• [Extracted data]
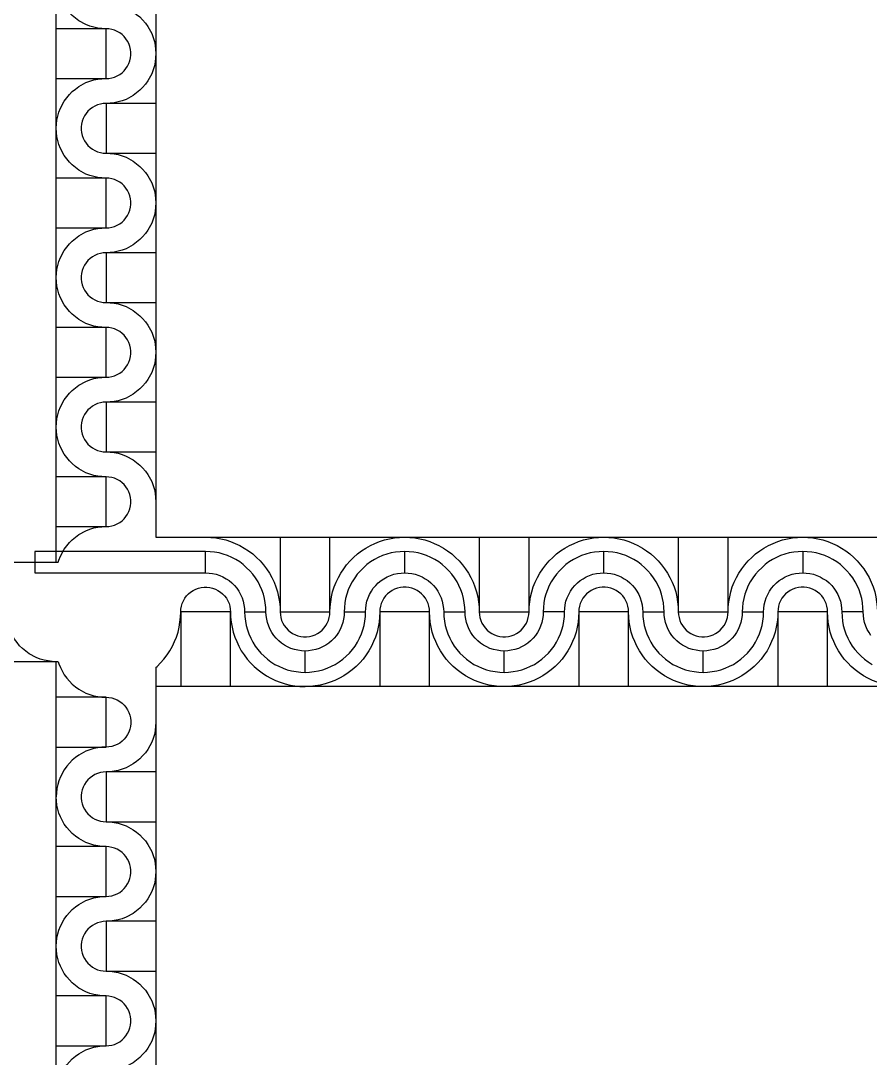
# Model space of a CAD drawing. Extents: x 190.8 to 267.1, y 124 to 174.8.
# Drawn here: x 231.075 to 232.27, y 138.853 to 140.312 of the extents above; entities that cross this region are included whole.
import ezdxf

# ---------------------------------------------------------------- set-up
doc = ezdxf.new("R2010")
doc.units = 0
doc.header["$MEASUREMENT"] = 0

msp = doc.modelspace()

# ---------------------------------------------------------------- linework, layer by layer
for p, q in [((231.2646, 141.6023), (231.2646, 139.5856)), ((231.2646, 139.5856), (233.3913, 139.5856)), ((229.0246, 139.5506), (231.1275, 139.5506)), ((231.2646, 139.4023), (231.2646, 137.3856))]:
    msp.add_line(p, q)
for points in [[(231.1246, 139.5506), (231.1246, 141.6106)], [(231.1946, 140.3006), (231.1889, 140.3008), (231.1831, 140.3016), (231.1774, 140.3026), (231.1719, 140.3043), (231.1664, 140.3063), (231.1564, 140.3118), (231.1516, 140.3153), (231.1471, 140.3191), (231.1431, 140.3231), (231.1394, 140.3276), (231.1359, 140.3323), (231.1304, 140.3423), (231.1284, 140.3478), (231.1266, 140.3533), (231.1256, 140.3591), (231.1249, 140.3648), (231.1246, 140.3706)], [(231.1946, 140.3356), (231.2004, 140.3353), (231.2061, 140.3346), (231.2119, 140.3336), (231.2174, 140.3318), (231.2229, 140.3298), (231.2329, 140.3243), (231.2376, 140.3208), (231.2421, 140.3171), (231.2461, 140.3131), (231.2499, 140.3086), (231.2534, 140.3038), (231.2589, 140.2938), (231.2609, 140.2883), (231.2626, 140.2828), (231.2636, 140.2771), (231.2644, 140.2713), (231.2646, 140.2656)], [(231.1246, 140.2306), (231.1946, 140.2306), (231.1946, 140.3006), (231.1246, 140.3006)], [(231.1946, 140.2306), (231.1986, 140.2308), (231.2026, 140.2316), (231.2066, 140.2326), (231.2104, 140.2343), (231.2139, 140.2363), (231.2171, 140.2388), (231.2201, 140.2416), (231.2226, 140.2446), (231.2249, 140.2481), (231.2269, 140.2518), (231.2281, 140.2556), (231.2291, 140.2596), (231.2296, 140.2636), (231.2296, 140.2676), (231.2291, 140.2716), (231.2281, 140.2756), (231.2269, 140.2796), (231.2249, 140.2831), (231.2226, 140.2866), (231.2201, 140.2896), (231.2171, 140.2923), (231.2139, 140.2948), (231.2104, 140.2968), (231.2066, 140.2986), (231.2026, 140.2996), (231.1986, 140.3003), (231.1946, 140.3006)], [(231.2646, 140.2656), (231.2644, 140.2598), (231.2636, 140.2541), (231.2626, 140.2483), (231.2609, 140.2428), (231.2589, 140.2373), (231.2534, 140.2273), (231.2499, 140.2226), (231.2461, 140.2181), (231.2421, 140.2141), (231.2376, 140.2103), (231.2329, 140.2068), (231.2229, 140.2013), (231.2174, 140.1993), (231.2119, 140.1976), (231.2061, 140.1966), (231.2004, 140.1958), (231.1946, 140.1956)], [(231.1246, 140.1606), (231.1249, 140.1663), (231.1256, 140.1721), (231.1266, 140.1778), (231.1284, 140.1833), (231.1304, 140.1888), (231.1359, 140.1988), (231.1394, 140.2036), (231.1431, 140.2081), (231.1471, 140.2121), (231.1516, 140.2158), (231.1564, 140.2193), (231.1664, 140.2248), (231.1719, 140.2268), (231.1774, 140.2286), (231.1831, 140.2296), (231.1889, 140.2303), (231.1946, 140.2306)], [(231.1946, 140.1956), (231.1906, 140.1953), (231.1866, 140.1946), (231.1826, 140.1936), (231.1789, 140.1918), (231.1754, 140.1898), (231.1721, 140.1873), (231.1691, 140.1846), (231.1666, 140.1816), (231.1644, 140.1781), (231.1624, 140.1743), (231.1611, 140.1706), (231.1601, 140.1666), (231.1596, 140.1626), (231.1596, 140.1586), (231.1601, 140.1546), (231.1611, 140.1506), (231.1624, 140.1466), (231.1644, 140.1431), (231.1666, 140.1396), (231.1691, 140.1366), (231.1721, 140.1338), (231.1754, 140.1313), (231.1789, 140.1293), (231.1826, 140.1276), (231.1866, 140.1266), (231.1906, 140.1258), (231.1946, 140.1256)], [(231.2646, 140.1956), (231.1946, 140.1956), (231.1946, 140.1256), (231.2646, 140.1256)], [(231.1946, 140.0906), (231.1889, 140.0908), (231.1831, 140.0916), (231.1774, 140.0926), (231.1719, 140.0943), (231.1664, 140.0963), (231.1564, 140.1018), (231.1516, 140.1053), (231.1471, 140.1091), (231.1431, 140.1131), (231.1394, 140.1176), (231.1359, 140.1223), (231.1304, 140.1323), (231.1284, 140.1378), (231.1266, 140.1433), (231.1256, 140.1491), (231.1249, 140.1548), (231.1246, 140.1606)], [(231.1946, 140.1256), (231.2004, 140.1253), (231.2061, 140.1246), (231.2119, 140.1236), (231.2174, 140.1218), (231.2229, 140.1198), (231.2329, 140.1143), (231.2376, 140.1108), (231.2421, 140.1071), (231.2461, 140.1031), (231.2499, 140.0986), (231.2534, 140.0938), (231.2589, 140.0838), (231.2609, 140.0783), (231.2626, 140.0728), (231.2636, 140.0671), (231.2644, 140.0613), (231.2646, 140.0556)], [(231.1246, 140.0206), (231.1946, 140.0206), (231.1946, 140.0906), (231.1246, 140.0906)], [(231.1946, 140.0206), (231.1986, 140.0208), (231.2026, 140.0216), (231.2066, 140.0226), (231.2104, 140.0243), (231.2139, 140.0263), (231.2171, 140.0288), (231.2201, 140.0316), (231.2226, 140.0346), (231.2249, 140.0381), (231.2269, 140.0418), (231.2281, 140.0456), (231.2291, 140.0496), (231.2296, 140.0536), (231.2296, 140.0576), (231.2291, 140.0616), (231.2281, 140.0656), (231.2269, 140.0696), (231.2249, 140.0731), (231.2226, 140.0766), (231.2201, 140.0796), (231.2171, 140.0823), (231.2139, 140.0848), (231.2104, 140.0868), (231.2066, 140.0886), (231.2026, 140.0896), (231.1986, 140.0903), (231.1946, 140.0906)], [(231.2646, 140.0556), (231.2644, 140.0498), (231.2636, 140.0441), (231.2626, 140.0383), (231.2609, 140.0328), (231.2589, 140.0273), (231.2534, 140.0173), (231.2499, 140.0126), (231.2461, 140.0081), (231.2421, 140.0041), (231.2376, 140.0003), (231.2329, 139.9968), (231.2229, 139.9913), (231.2174, 139.9893), (231.2119, 139.9876), (231.2061, 139.9866), (231.2004, 139.9858), (231.1946, 139.9856)], [(231.1246, 139.9506), (231.1249, 139.9563), (231.1256, 139.9621), (231.1266, 139.9678), (231.1284, 139.9733), (231.1304, 139.9788), (231.1359, 139.9888), (231.1394, 139.9936), (231.1431, 139.9981), (231.1471, 140.0021), (231.1516, 140.0058), (231.1564, 140.0093), (231.1664, 140.0148), (231.1719, 140.0168), (231.1774, 140.0186), (231.1831, 140.0196), (231.1889, 140.0203), (231.1946, 140.0206)], [(231.1946, 139.9856), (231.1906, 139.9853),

• [Required action] Produce a word-for-word version of the material, with no pictures included.

• [Written answer]
# Model space of a CAD drawing. Extents: x 190.8 to 267.1, y 124 to 174.8.
# Drawn here: x 231.075 to 232.27, y 138.853 to 140.312 of the extents above; entities that cross this region are included whole.
import ezdxf

# ---------------------------------------------------------------- set-up
doc = ezdxf.new("R2010")
doc.units = 0
doc.header["$MEASUREMENT"] = 0

msp = doc.modelspace()

# ---------------------------------------------------------------- linework, layer by layer
for p, q in [((231.2646, 141.6023), (231.2646, 139.5856)), ((231.2646, 139.5856), (233.3913, 139.5856)), ((229.0246, 139.5506), (231.1275, 139.5506)), ((231.2646, 139.4023), (231.2646, 137.3856))]:
    msp.add_line(p, q)
for points in [[(231.1246, 139.5506), (231.1246, 141.6106)], [(231.1946, 140.3006), (231.1889, 140.3008), (231.1831, 140.3016), (231.1774, 140.3026), (231.1719, 140.3043), (231.1664, 140.3063), (231.1564, 140.3118), (231.1516, 140.3153), (231.1471, 140.3191), (231.1431, 140.3231), (231.1394, 140.3276), (231.1359, 140.3323), (231.1304, 140.3423), (231.1284, 140.3478), (231.1266, 140.3533), (231.1256, 140.3591), (231.1249, 140.3648), (231.1246, 140.3706)], [(231.1946, 140.3356), (231.2004, 140.3353), (231.2061, 140.3346), (231.2119, 140.3336), (231.2174, 140.3318), (231.2229, 140.3298), (231.2329, 140.3243), (231.2376, 140.3208), (231.2421, 140.3171), (231.2461, 140.3131), (231.2499, 140.3086), (231.2534, 140.3038), (231.2589, 140.2938), (231.2609, 140.2883), (231.2626, 140.2828), (231.2636, 140.2771), (231.2644, 140.2713), (231.2646, 140.2656)], [(231.1246, 140.2306), (231.1946, 140.2306), (231.1946, 140.3006), (231.1246, 140.3006)], [(231.1946, 140.2306), (231.1986, 140.2308), (231.2026, 140.2316), (231.2066, 140.2326), (231.2104, 140.2343), (231.2139, 140.2363), (231.2171, 140.2388), (231.2201, 140.2416), (231.2226, 140.2446), (231.2249, 140.2481), (231.2269, 140.2518), (231.2281, 140.2556), (231.2291, 140.2596), (231.2296, 140.2636), (231.2296, 140.2676), (231.2291, 140.2716), (231.2281, 140.2756), (231.2269, 140.2796), (231.2249, 140.2831), (231.2226, 140.2866), (231.2201, 140.2896), (231.2171, 140.2923), (231.2139, 140.2948), (231.2104, 140.2968), (231.2066, 140.2986), (231.2026, 140.2996), (231.1986, 140.3003), (231.1946, 140.3006)], [(231.2646, 140.2656), (231.2644, 140.2598), (231.2636, 140.2541), (231.2626, 140.2483), (231.2609, 140.2428), (231.2589, 140.2373), (231.2534, 140.2273), (231.2499, 140.2226), (231.2461, 140.2181), (231.2421, 140.2141), (231.2376, 140.2103), (231.2329, 140.2068), (231.2229, 140.2013), (231.2174, 140.1993), (231.2119, 140.1976), (231.2061, 140.1966), (231.2004, 140.1958), (231.1946, 140.1956)], [(231.1246, 140.1606), (231.1249, 140.1663), (231.1256, 140.1721), (231.1266, 140.1778), (231.1284, 140.1833), (231.1304, 140.1888), (231.1359, 140.1988), (231.1394, 140.2036), (231.1431, 140.2081), (231.1471, 140.2121), (231.1516, 140.2158), (231.1564, 140.2193), (231.1664, 140.2248), (231.1719, 140.2268), (231.1774, 140.2286), (231.1831, 140.2296), (231.1889, 140.2303), (231.1946, 140.2306)], [(231.1946, 140.1956), (231.1906, 140.1953), (231.1866, 140.1946), (231.1826, 140.1936), (231.1789, 140.1918), (231.1754, 140.1898), (231.1721, 140.1873), (231.1691, 140.1846), (231.1666, 140.1816), (231.1644, 140.1781), (231.1624, 140.1743), (231.1611, 140.1706), (231.1601, 140.1666), (231.1596, 140.1626), (231.1596, 140.1586), (231.1601, 140.1546), (231.1611, 140.1506), (231.1624, 140.1466), (231.1644, 140.1431), (231.1666, 140.1396), (231.1691, 140.1366), (231.1721, 140.1338), (231.1754, 140.1313), (231.1789, 140.1293), (231.1826, 140.1276), (231.1866, 140.1266), (231.1906, 140.1258), (231.1946, 140.1256)], [(231.2646, 140.1956), (231.1946, 140.1956), (231.1946, 140.1256), (231.2646, 140.1256)], [(231.1946, 140.0906), (231.1889, 140.0908), (231.1831, 140.0916), (231.1774, 140.0926), (231.1719, 140.0943), (231.1664, 140.0963), (231.1564, 140.1018), (231.1516, 140.1053), (231.1471, 140.1091), (231.1431, 140.1131), (231.1394, 140.1176), (231.1359, 140.1223), (231.1304, 140.1323), (231.1284, 140.1378), (231.1266, 140.1433), (231.1256, 140.1491), (231.1249, 140.1548), (231.1246, 140.1606)], [(231.1946, 140.1256), (231.2004, 140.1253), (231.2061, 140.1246), (231.2119, 140.1236), (231.2174, 140.1218), (231.2229, 140.1198), (231.2329, 140.1143), (231.2376, 140.1108), (231.2421, 140.1071), (231.2461, 140.1031), (231.2499, 140.0986), (231.2534, 140.0938), (231.2589, 140.0838), (231.2609, 140.0783), (231.2626, 140.0728), (231.2636, 140.0671), (231.2644, 140.0613), (231.2646, 140.0556)], [(231.1246, 140.0206), (231.1946, 140.0206), (231.1946, 140.0906), (231.1246, 140.0906)], [(231.1946, 140.0206), (231.1986, 140.0208), (231.2026, 140.0216), (231.2066, 140.0226), (231.2104, 140.0243), (231.2139, 140.0263), (231.2171, 140.0288), (231.2201, 140.0316), (231.2226, 140.0346), (231.2249, 140.0381), (231.2269, 140.0418), (231.2281, 140.0456), (231.2291, 140.0496), (231.2296, 140.0536), (231.2296, 140.0576), (231.2291, 140.0616), (231.2281, 140.0656), (231.2269, 140.0696), (231.2249, 140.0731), (231.2226, 140.0766), (231.2201, 140.0796), (231.2171, 140.0823), (231.2139, 140.0848), (231.2104, 140.0868), (231.2066, 140.0886), (231.2026, 140.0896), (231.1986, 140.0903), (231.1946, 140.0906)], [(231.2646, 140.0556), (231.2644, 140.0498), (231.2636, 140.0441), (231.2626, 140.0383), (231.2609, 140.0328), (231.2589, 140.0273), (231.2534, 140.0173), (231.2499, 140.0126), (231.2461, 140.0081), (231.2421, 140.0041), (231.2376, 140.0003), (231.2329, 139.9968), (231.2229, 139.9913), (231.2174, 139.9893), (231.2119, 139.9876), (231.2061, 139.9866), (231.2004, 139.9858), (231.1946, 139.9856)], [(231.1246, 139.9506), (231.1249, 139.9563), (231.1256, 139.9621), (231.1266, 139.9678), (231.1284, 139.9733), (231.1304, 139.9788), (231.1359, 139.9888), (231.1394, 139.9936), (231.1431, 139.9981), (231.1471, 140.0021), (231.1516, 140.0058), (231.1564, 140.0093), (231.1664, 140.0148), (231.1719, 140.0168), (231.1774, 140.0186), (231.1831, 140.0196), (231.1889, 140.0203), (231.1946, 140.0206)], [(231.1946, 139.9856), (231.1906, 139.9853),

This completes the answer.